[Records from a collection]
************

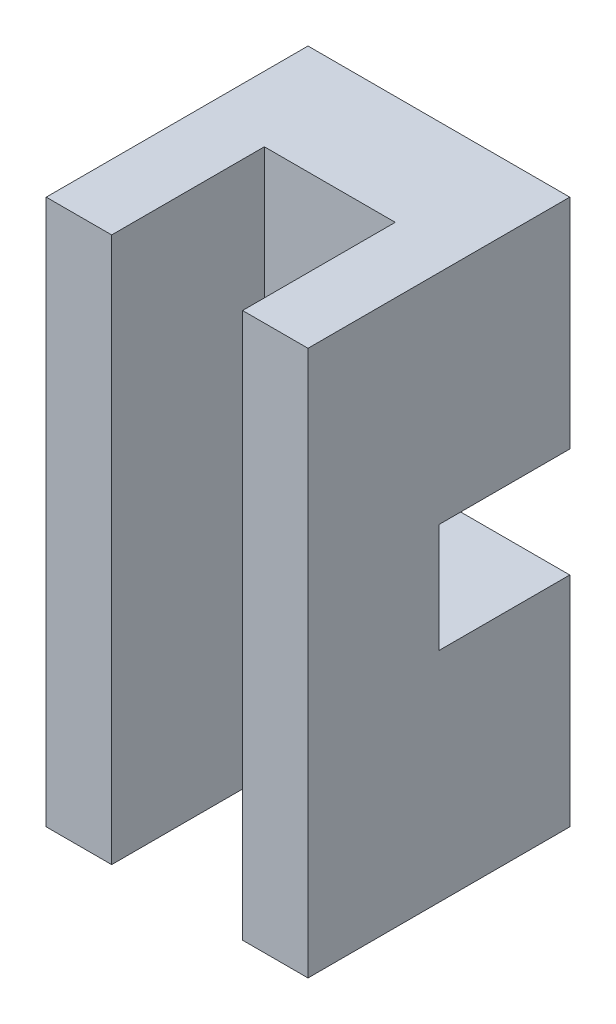
ISO-10303-21;
HEADER;
FILE_DESCRIPTION(('STEP AP214'),'2;1');
FILE_NAME('part.step','',(''),(''),'','','');
FILE_SCHEMA(('AUTOMOTIVE_DESIGN { 1 0 10303 214 1 1 1 1 }'));
ENDSEC;
DATA;
#1=APPLICATION_CONTEXT('core data for automotive mechanical design processes');
#2=APPLICATION_PROTOCOL_DEFINITION('international standard','automotive_design',2000,#1);
#3=PRODUCT_CONTEXT('',#1,'mechanical');
#4=PRODUCT('Part','Part','',(#3));
#5=PRODUCT_RELATED_PRODUCT_CATEGORY('part','',(#4));
#6=PRODUCT_DEFINITION_FORMATION('','',#4);
#7=PRODUCT_DEFINITION_CONTEXT('part definition',#1,'design');
#8=PRODUCT_DEFINITION('design','',#6,#7);
#9=PRODUCT_DEFINITION_SHAPE('','',#8);
#10=(LENGTH_UNIT() NAMED_UNIT(*) SI_UNIT(.MILLI.,.METRE.));
#11=(NAMED_UNIT(*) PLANE_ANGLE_UNIT() SI_UNIT($,.RADIAN.));
#12=(NAMED_UNIT(*) SI_UNIT($,.STERADIAN.) SOLID_ANGLE_UNIT());
#13=UNCERTAINTY_MEASURE_WITH_UNIT(LENGTH_MEASURE(1.E-05),#10,'distance_accuracy_value','');
#14=(GEOMETRIC_REPRESENTATION_CONTEXT(3) GLOBAL_UNCERTAINTY_ASSIGNED_CONTEXT((#13)) GLOBAL_UNIT_ASSIGNED_CONTEXT((#10,
#11,#12)) REPRESENTATION_CONTEXT('',''));
#15=CARTESIAN_POINT('',(0.,0.,0.));
#16=DIRECTION('',(0.,0.,1.));
#17=DIRECTION('',(1.,0.,0.));
#18=AXIS2_PLACEMENT_3D('',#15,#16,#17);
#19=CARTESIAN_POINT('',(30.,62.5,30.));
#20=DIRECTION('',(0.,0.,-1.));
#21=DIRECTION('',(-1.,0.,0.));
#22=AXIS2_PLACEMENT_3D('',#19,#20,#21);
#23=PLANE('',#22);
#24=DIRECTION('',(-1.,0.,0.));
#25=VECTOR('',#24,1.);
#26=CARTESIAN_POINT('',(30.,-62.5,30.));
#27=LINE('',#26,#25);
#28=CARTESIAN_POINT('',(-15.,-62.5,30.));
#29=VERTEX_POINT('',#28);
#30=CARTESIAN_POINT('',(-30.,-62.5,30.));
#31=VERTEX_POINT('',#30);
#32=EDGE_CURVE('E47',#29,#31,#27,.T.);
#33=ORIENTED_EDGE('',*,*,#32,.F.);
#34=DIRECTION('',(0.,1.,0.));
#35=VECTOR('',#34,1.);
#36=CARTESIAN_POINT('',(-15.,-62.5,30.));
#37=LINE('',#36,#35);
#38=CARTESIAN_POINT('',(-15.,62.5,30.));
#39=VERTEX_POINT('',#38);
#40=EDGE_CURVE('E248',#29,#39,#37,.T.);
#41=ORIENTED_EDGE('',*,*,#40,.T.);
#42=DIRECTION('',(-1.,0.,0.));
#43=VECTOR('',#42,1.);
#44=CARTESIAN_POINT('',(30.,62.5,30.));
#45=LINE('',#44,#43);
#46=CARTESIAN_POINT('',(-30.,62.5,30.));
#47=VERTEX_POINT('',#46);
#48=EDGE_CURVE('E200',#39,#47,#45,.T.);
#49=ORIENTED_EDGE('',*,*,#48,.T.);
#50=DIRECTION('',(0.,-1.,0.));
#51=VECTOR('',#50,1.);
#52=CARTESIAN_POINT('',(-30.,62.5,30.));
#53=LINE('',#52,#51);
#54=EDGE_CURVE('E201',#47,#31,#53,.T.);
#55=ORIENTED_EDGE('',*,*,#54,.T.);
#56=EDGE_LOOP('',(#33,#41,#49,#55));
#57=FACE_BOUND('',#56,.T.);
#58=ADVANCED_FACE('F39',(#57),#23,.F.);
#59=CARTESIAN_POINT('',(30.,-12.5,0.));
#60=DIRECTION('',(0.,0.,1.));
#61=DIRECTION('',(1.,0.,0.));
#62=AXIS2_PLACEMENT_3D('',#59,#60,#61);
#63=PLANE('',#62);
#64=DIRECTION('',(-1.,0.,0.));
#65=VECTOR('',#64,1.);
#66=CARTESIAN_POINT('',(30.,12.5,0.));
#67=LINE('',#66,#65);
#68=CARTESIAN_POINT('',(-15.,12.5,0.));
#69=VERTEX_POINT('',#68);
#70=CARTESIAN_POINT('',(-30.,12.5,0.));
#71=VERTEX_POINT('',#70);
#72=EDGE_CURVE('E224',#69,#71,#67,.T.);
#73=ORIENTED_EDGE('',*,*,#72,.F.);
#74=DIRECTION('',(0.,-1.,0.));
#75=VECTOR('',#74,1.);
#76=CARTESIAN_POINT('',(-15.,-12.5,0.));
#77=LINE('',#76,#75);
#78=CARTESIAN_POINT('',(-15.,-12.5,0.));
#79=VERTEX_POINT('',#78);
#80=EDGE_CURVE('E300',#69,#79,#77,.T.);
#81=ORIENTED_EDGE('',*,*,#80,.T.);
#82=DIRECTION('',(-1.,0.,0.));
#83=VECTOR('',#82,1.);
#84=CARTESIAN_POINT('',(30.,-12.5,0.));
#85=LINE('',#84,#83);
#86=CARTESIAN_POINT('',(-30.,-12.5,0.));
#87=VERTEX_POINT('',#86);
#88=EDGE_CURVE('E228',#79,#87,#85,.T.);
#89=ORIENTED_EDGE('',*,*,#88,.T.);
#90=DIRECTION('',(0.,1.,0.));
#91=VECTOR('',#90,1.);
#92=CARTESIAN_POINT('',(-30.,-12.5,0.));
#93=LINE('',#92,#91);
#94=EDGE_CURVE('E211',#87,#71,#93,.T.);
#95=ORIENTED_EDGE('',*,*,#94,.T.);
#96=EDGE_LOOP('',(#73,#81,#89,#95));
#97=FACE_BOUND('',#96,.T.);
#98=ADVANCED_FACE('F269',(#97),#63,.F.);
#99=CARTESIAN_POINT('',(30.,62.5,30.));
#100=VERTEX_POINT('',#99);
#101=CARTESIAN_POINT('',(15.,62.5,30.));
#102=VERTEX_POINT('',#101);
#103=EDGE_CURVE('E164',#100,#102,#45,.T.);
#104=ORIENTED_EDGE('',*,*,#103,.T.);
#105=DIRECTION('',(0.,1.,0.));
#106=VECTOR('',#105,1.);
#107=CARTESIAN_POINT('',(15.,-62.5,30.));
#108=LINE('',#107,#106);
#109=CARTESIAN_POINT('',(15.,-62.5,30.));
#110=VERTEX_POINT('',#109);
#111=EDGE_CURVE('E60',#110,#102,#108,.T.);
#112=ORIENTED_EDGE('',*,*,#111,.F.);
#113=CARTESIAN_POINT('',(30.,-62.5,30.));
#114=VERTEX_POINT('',#113);
#115=EDGE_CURVE('E11',#114,#110,#27,.T.);
#116=ORIENTED_EDGE('',*,*,#115,.F.);
#117=DIRECTION('',(0.,-1.,0.));
#118=VECTOR('',#117,1.);
#119=CARTESIAN_POINT('',(30.,62.5,30.));
#120=LINE('',#119,#118);
#121=EDGE_CURVE('E176',#100,#114,#120,.T.);
#122=ORIENTED_EDGE('',*,*,#121,.F.);
#123=EDGE_LOOP('',(#104,#112,#116,#122));
#124=FACE_BOUND('',#123,.T.);
#125=ADVANCED_FACE('F41',(#124),#23,.F.);
#126=CARTESIAN_POINT('',(30.,-62.5,30.));
#127=DIRECTION('',(0.,1.,0.));
#128=DIRECTION('',(0.,0.,1.));
#129=AXIS2_PLACEMENT_3D('',#126,#127,#128);
#130=PLANE('',#129);
#131=DIRECTION('',(-1.,0.,0.));
#132=VECTOR('',#131,1.);
#133=CARTESIAN_POINT('',(15.,-62.5,-5.00000000000002));
#134=LINE('',#133,#132);
#135=CARTESIAN_POINT('',(15.,-62.5,-5.00000000000002));
#136=VERTEX_POINT('',#135);
#137=CARTESIAN_POINT('',(-15.,-62.5,-5.00000000000002));
#138=VERTEX_POINT('',#137);
#139=EDGE_CURVE('E156',#136,#138,#134,.T.);
#140=ORIENTED_EDGE('',*,*,#139,.T.);
#141=DIRECTION('',(0.,0.,1.));
#142=VECTOR('',#141,1.);
#143=CARTESIAN_POINT('',(-15.,-62.5,-5.00000000000002));
#144=LINE('',#143,#142);
#145=EDGE_CURVE('E165',#138,#29,#144,.T.);
#146=ORIENTED_EDGE('',*,*,#145,.T.);
#147=ORIENTED_EDGE('',*,*,#32,.T.);
#148=DIRECTION('',(0.,0.,-1.));
#149=VECTOR('',#148,1.);
#150=CARTESIAN_POINT('',(-30.,-62.5,30.));
#151=LINE('',#150,#149);
#152=CARTESIAN_POINT('',(-30.,-62.5,-30.));
#153=VERTEX_POINT('',#152);
#154=EDGE_CURVE('E204',#31,#153,#151,.T.);
#155=ORIENTED_EDGE('',*,*,#154,.T.);
#156=DIRECTION('',(-1.,0.,0.));
#157=VECTOR('',#156,1.);
#158=CARTESIAN_POINT('',(30.,-62.5,-30.));
#159=LINE('',#158,#157);
#160=CARTESIAN_POINT('',(30.,-62.5,-30.));
#161=VERTEX_POINT('',#160);
#162=EDGE_CURVE('E172',#161,#153,#159,.T.);
#163=ORIENTED_EDGE('',*,*,#162,.F.);
#164=DIRECTION('',(0.,0.,-1.));
#165=VECTOR('',#164,1.);
#166=CARTESIAN_POINT('',(30.,-62.5,30.));
#167=LINE('',#166,#165);
#168=EDGE_CURVE('E169',#114,#161,#167,.T.);
#169=ORIENTED_EDGE('',*,*,#168,.F.);
#170=ORIENTED_EDGE('',*,*,#115,.T.);
#171=DIRECTION('',(0.,0.,-1.));
#172=VECTOR('',#171,1.);
#173=CARTESIAN_POINT('',(15.,-62.5,30.));
#174=LINE('',#173,#172);
#175=EDGE_CURVE('E149',#110,#136,#174,.T.);
#176=ORIENTED_EDGE('',*,*,#175,.T.);
#177=EDGE_LOOP('',(#140,#146,#147,#155,#163,#169,#170,#176));
#178=FACE_BOUND('',#177,.T.);
#179=ADVANCED_FACE('F167',(#178),#130,.F.);
#180=CARTESIAN_POINT('',(30.,-62.5,-30.));
#181=DIRECTION('',(0.,0.,1.));
#182=DIRECTION('',(0.,-1.,0.));
#183=AXIS2_PLACEMENT_3D('',#180,#181,#182);
#184=PLANE('',#183);
#185=CARTESIAN_POINT('',(0.,-37.5,-30.));
#186=DIRECTION('',(0.,0.,1.));
#187=DIRECTION('',(1.,0.,0.));
#188=AXIS2_PLACEMENT_3D('',#185,#186,#187);
#189=CIRCLE('',#188,5.);
#190=CARTESIAN_POINT('',(5.,-37.5,-30.));
#191=VERTEX_POINT('',#190);
#192=EDGE_CURVE('E315',#191,#191,#189,.T.);
#193=ORIENTED_EDGE('',*,*,#192,.T.);
#194=EDGE_LOOP('',(#193));
#195=FACE_BOUND('',#194,.T.);
#196=DIRECTION('',(0.,1.,0.));
#197=VECTOR('',#196,1.);
#198=CARTESIAN_POINT('',(-30.,-62.5,-30.));
#199=LINE('',#198,#197);
#200=CARTESIAN_POINT('',(-30.,-12.5,-30.));
#201=VERTEX_POINT('',#200);
#202=EDGE_CURVE('E206',#153,#201,#199,.T.);
#203=ORIENTED_EDGE('',*,*,#202,.T.);
#204=DIRECTION('',(-1.,0.,0.));
#205=VECTOR('',#204,1.);
#206=CARTESIAN_POINT('',(30.,-12.5,-30.));
#207=LINE('',#206,#205);
#208=CARTESIAN_POINT('',(30.,-12.5,-30.));
#209=VERTEX_POINT('',#208);
#210=EDGE_CURVE('E232',#209,#201,#207,.T.);
#211=ORIENTED_EDGE('',*,*,#210,.F.);
#212=DIRECTION('',(0.,1.,0.));
#213=VECTOR('',#212,1.);
#214=CARTESIAN_POINT('',(30.,-62.5,-30.));
#215=LINE('',#214,#213);
#216=EDGE_CURVE('E175',#161,#209,#215,.T.);
#217=ORIENTED_EDGE('',*,*,#216,.F.);
#218=ORIENTED_EDGE('',*,*,#162,.T.);
#219=EDGE_LOOP('',(#203,#211,#217,#218));
#220=FACE_BOUND('',#219,.T.);
#221=ADVANCED_FACE('F277',(#195,#220),#184,.F.);
#222=CARTESIAN_POINT('',(30.,-12.5,-30.));
#223=DIRECTION('',(0.,-1.,0.));
#224=DIRECTION('',(0.,0.,-1.));
#225=AXIS2_PLACEMENT_3D('',#222,#223,#224);
#226=PLANE('',#225);
#227=ORIENTED_EDGE('',*,*,#88,.F.);
#228=DIRECTION('',(0.,0.,-1.));
#229=VECTOR('',#228,1.);
#230=CARTESIAN_POINT('',(-15.,-12.5,-30.));
#231=LINE('',#230,#229);
#232=CARTESIAN_POINT('',(-15.,-12.5,-5.00000000000002));
#233=VERTEX_POINT('',#232);
#234=EDGE_CURVE('E187',#79,#233,#231,.T.);
#235=ORIENTED_EDGE('',*,*,#234,.T.);
#236=DIRECTION('',(1.,0.,0.));
#237=VECTOR('',#236,1.);
#238=CARTESIAN_POINT('',(30.,-12.5,-5.00000000000002));
#239=LINE('',#238,#237);
#240=CARTESIAN_POINT('',(15.,-12.5,-5.00000000000002));
#241=VERTEX_POINT('',#240);
#242=EDGE_CURVE('E298',#233,#241,#239,.T.);
#243=ORIENTED_EDGE('',*,*,#242,.T.);
#244=DIRECTION('',(0.,0.,1.));
#245=VECTOR('',#244,1.);
#246=CARTESIAN_POINT('',(15.,-12.5,-30.));
#247=LINE('',#246,#245);
#248=CARTESIAN_POINT('',(15.,-12.5,0.));
#249=VERTEX_POINT('',#248);
#250=EDGE_CURVE('E282',#241,#249,#247,.T.);
#251=ORIENTED_EDGE('',*,*,#250,.T.);
#252=CARTESIAN_POINT('',(30.,-12.5,0.));
#253=VERTEX_POINT('',#252);
#254=EDGE_CURVE('E229',#253,#249,#85,.T.);
#255=ORIENTED_EDGE('',*,*,#254,.F.);
#256=DIRECTION('',(0.,0.,1.));
#257=VECTOR('',#256,1.);
#258=CARTESIAN_POINT('',(30.,-12.5,-30.));
#259=LINE('',#258,#257);
#260=EDGE_CURVE('E191',#209,#253,#259,.T.);
#261=ORIENTED_EDGE('',*,*,#260,.F.);
#262=ORIENTED_EDGE('',*,*,#210,.T.);
#263=DIRECTION('',(0.,0.,1.));
#264=VECTOR('',#263,1.);
#265=CARTESIAN_POINT('',(-30.,-12.5,-30.));
#266=LINE('',#265,#264);
#267=EDGE_CURVE('E208',#201,#87,#266,.T.);
#268=ORIENTED_EDGE('',*,*,#267,.T.);
#269=EDGE_LOOP('',(#227,#235,#243,#251,#255,#261,#262,#268));
#270=FACE_BOUND('',#269,.T.);
#271=ADVANCED_FACE('F272',(#270),#226,.F.);
#272=ORIENTED_EDGE('',*,*,#254,.T.);
#273=DIRECTION('',(0.,1.,0.));
#274=VECTOR('',#273,1.);
#275=CARTESIAN_POINT('',(15.,-12.5,0.));
#276=LINE('',#275,#274);
#277=CARTESIAN_POINT('',(15.,12.5,0.));
#278=VERTEX_POINT('',#277);
#279=EDGE_CURVE('E286',#249,#278,#276,.T.);
#280=ORIENTED_EDGE('',*,*,#279,.T.);
#281=CARTESIAN_POINT('',(30.,12.5,0.));
#282=VERTEX_POINT('',#281);
#283=EDGE_CURVE('E225',#282,#278,#67,.T.);
#284=ORIENTED_EDGE('',*,*,#283,.F.);
#285=DIRECTION('',(0.,1.,0.));
#286=VECTOR('',#285,1.);
#287=CARTESIAN_POINT('',(30.,-12.5,0.));
#288=LINE('',#287,#286);
#289=EDGE_CURVE('E193',#253,#282,#288,.T.);
#290=ORIENTED_EDGE('',*,*,#289,.F.);
#291=EDGE_LOOP('',(#272,#280,#284,#290));
#292=FACE_BOUND('',#291,.T.);
#293=ADVANCED_FACE('F285',(#292),#63,.F.);
#294=CARTESIAN_POINT('',(30.,12.5,0.));
#295=DIRECTION('',(0.,1.,0.));
#296=DIRECTION('',(0.,0.,1.));
#297=AXIS2_PLACEMENT_3D('',#294,#295,#296);
#298=PLANE('',#297);
#299=DIRECTION('',(-1.,0.,0.));
#300=VECTOR('',#299,1.);
#301=CARTESIAN_POINT('',(30.,12.5,-5.00000000000002));
#302=LINE('',#301,#300);
#303=CARTESIAN_POINT('',(15.,12.5,-5.00000000000002));
#304=VERTEX_POINT('',#303);
#305=CARTESIAN_POINT('',(-15.,12.5,-5.00000000000002));
#306=VERTEX_POINT('',#305);
#307=EDGE_CURVE('E289',#304,#306,#302,.T.);
#308=ORIENTED_EDGE('',*,*,#307,.T.);
#309=DIRECTION('',(0.,0.,1.));
#310=VECTOR('',#309,1.);
#311=CARTESIAN_POINT('',(-15.,12.5,0.));
#312=LINE('',#311,#310);
#313=EDGE_CURVE('E266',#306,#69,#312,.T.);
#314=ORIENTED_EDGE('',*,*,#313,.T.);
#315=ORIENTED_EDGE('',*,*,#72,.T.);
#316=DIRECTION('',(0.,0.,-1.));
#317=VECTOR('',#316,1.);
#318=CARTESIAN_POINT('',(-30.,12.5,0.));
#319=LINE('',#318,#317);
#320=CARTESIAN_POINT('',(-30.,12.5,-30.));
#321=VERTEX_POINT('',#320);
#322=EDGE_CURVE('E214',#71,#321,#319,.T.);
#323=ORIENTED_EDGE('',*,*,#322,.T.);
#324=DIRECTION('',(-1.,0.,0.));
#325=VECTOR('',#324,1.);
#326=CARTESIAN_POINT('',(30.,12.5,-30.));
#327=LINE('',#326,#325);
#328=CARTESIAN_POINT('',(30.,12.5,-30.));
#329=VERTEX_POINT('',#328);
#330=EDGE_CURVE('E221',#329,#321,#327,.T.);
#331=ORIENTED_EDGE('',*,*,#330,.F.);
#332=DIRECTION('',(0.,0.,-1.));
#333=VECTOR('',#332,1.);
#334=CARTESIAN_POINT('',(30.,12.5,0.));
#335=LINE('',#334,#333);
#336=EDGE_CURVE('E195',#282,#329,#335,.T.);
#337=ORIENTED_EDGE('',*,*,#336,.F.);
#338=ORIENTED_EDGE('',*,*,#283,.T.);
#339=DIRECTION('',(0.,0.,-1.));
#340=VECTOR('',#339,1.);
#341=CARTESIAN_POINT('',(15.,12.5,0.));
#342=LINE('',#341,#340);
#343=EDGE_CURVE('E288',#278,#304,#342,.T.);
#344=ORIENTED_EDGE('',*,*,#343,.T.);
#345=EDGE_LOOP('',(#308,#314,#315,#323,#331,#337,#338,#344));
#346=FACE_BOUND('',#345,.T.);
#347=ADVANCED_FACE('F263',(#346),#298,.F.);
#348=CARTESIAN_POINT('',(30.,12.5,-30.));
#349=DIRECTION('',(0.,0.,1.));
#350=DIRECTION('',(1.,0.,0.));
#351=AXIS2_PLACEMENT_3D('',#348,#349,#350);
#352=PLANE('',#351);
#353=CARTESIAN_POINT('',(0.,37.5,-30.));
#354=DIRECTION('',(0.,0.,1.));
#355=DIRECTION('',(-1.,0.,0.));
#356=AXIS2_PLACEMENT_3D('',#353,#354,#355);
#357=CIRCLE('',#356,5.);
#358=CARTESIAN_POINT('',(5.,37.5,-30.));
#359=VERTEX_POINT('',#358);
#360=EDGE_CURVE('E321',#359,#359,#357,.T.);
#361=ORIENTED_EDGE('',*,*,#360,.T.);
#362=EDGE_LOOP('',(#361));
#363=FACE_BOUND('',#362,.T.);
#364=DIRECTION('',(0.,1.,0.));
#365=VECTOR('',#364,1.);
#366=CARTESIAN_POINT('',(-30.,12.5,-30.));
#367=LINE('',#366,#365);
#368=CARTESIAN_POINT('',(-30.,62.5,-30.));
#369=VERTEX_POINT('',#368);
#370=EDGE_CURVE('E184',#321,#369,#367,.T.);
#371=ORIENTED_EDGE('',*,*,#370,.T.);
#372=DIRECTION('',(-1.,0.,0.));
#373=VECTOR('',#372,1.);
#374=CARTESIAN_POINT('',(30.,62.5,-30.));
#375=LINE('',#374,#373);
#376=CARTESIAN_POINT('',(30.,62.5,-30.));
#377=VERTEX_POINT('',#376);
#378=EDGE_CURVE('E218',#377,#369,#375,.T.);
#379=ORIENTED_EDGE('',*,*,#378,.F.);
#380=DIRECTION('',(0.,1.,0.));
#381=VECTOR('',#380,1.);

************

Requirement – Would you copy out exactly the lines above that start at the one containing "#48=EDGE_CURVE('E200',#39,#47,#45,.T.);" and end at the one containing "#71=VERTEX_POINT('',#70);", inclusive?

Result of this exercise –
#48=EDGE_CURVE('E200',#39,#47,#45,.T.);
#49=ORIENTED_EDGE('',*,*,#48,.T.);
#50=DIRECTION('',(0.,-1.,0.));
#51=VECTOR('',#50,1.);
#52=CARTESIAN_POINT('',(-30.,62.5,30.));
#53=LINE('',#52,#51);
#54=EDGE_CURVE('E201',#47,#31,#53,.T.);
#55=ORIENTED_EDGE('',*,*,#54,.T.);
#56=EDGE_LOOP('',(#33,#41,#49,#55));
#57=FACE_BOUND('',#56,.T.);
#58=ADVANCED_FACE('F39',(#57),#23,.F.);
#59=CARTESIAN_POINT('',(30.,-12.5,0.));
#60=DIRECTION('',(0.,0.,1.));
#61=DIRECTION('',(1.,0.,0.));
#62=AXIS2_PLACEMENT_3D('',#59,#60,#61);
#63=PLANE('',#62);
#64=DIRECTION('',(-1.,0.,0.));
#65=VECTOR('',#64,1.);
#66=CARTESIAN_POINT('',(30.,12.5,0.));
#67=LINE('',#66,#65);
#68=CARTESIAN_POINT('',(-15.,12.5,0.));
#69=VERTEX_POINT('',#68);
#70=CARTESIAN_POINT('',(-30.,12.5,0.));
#71=VERTEX_POINT('',#70);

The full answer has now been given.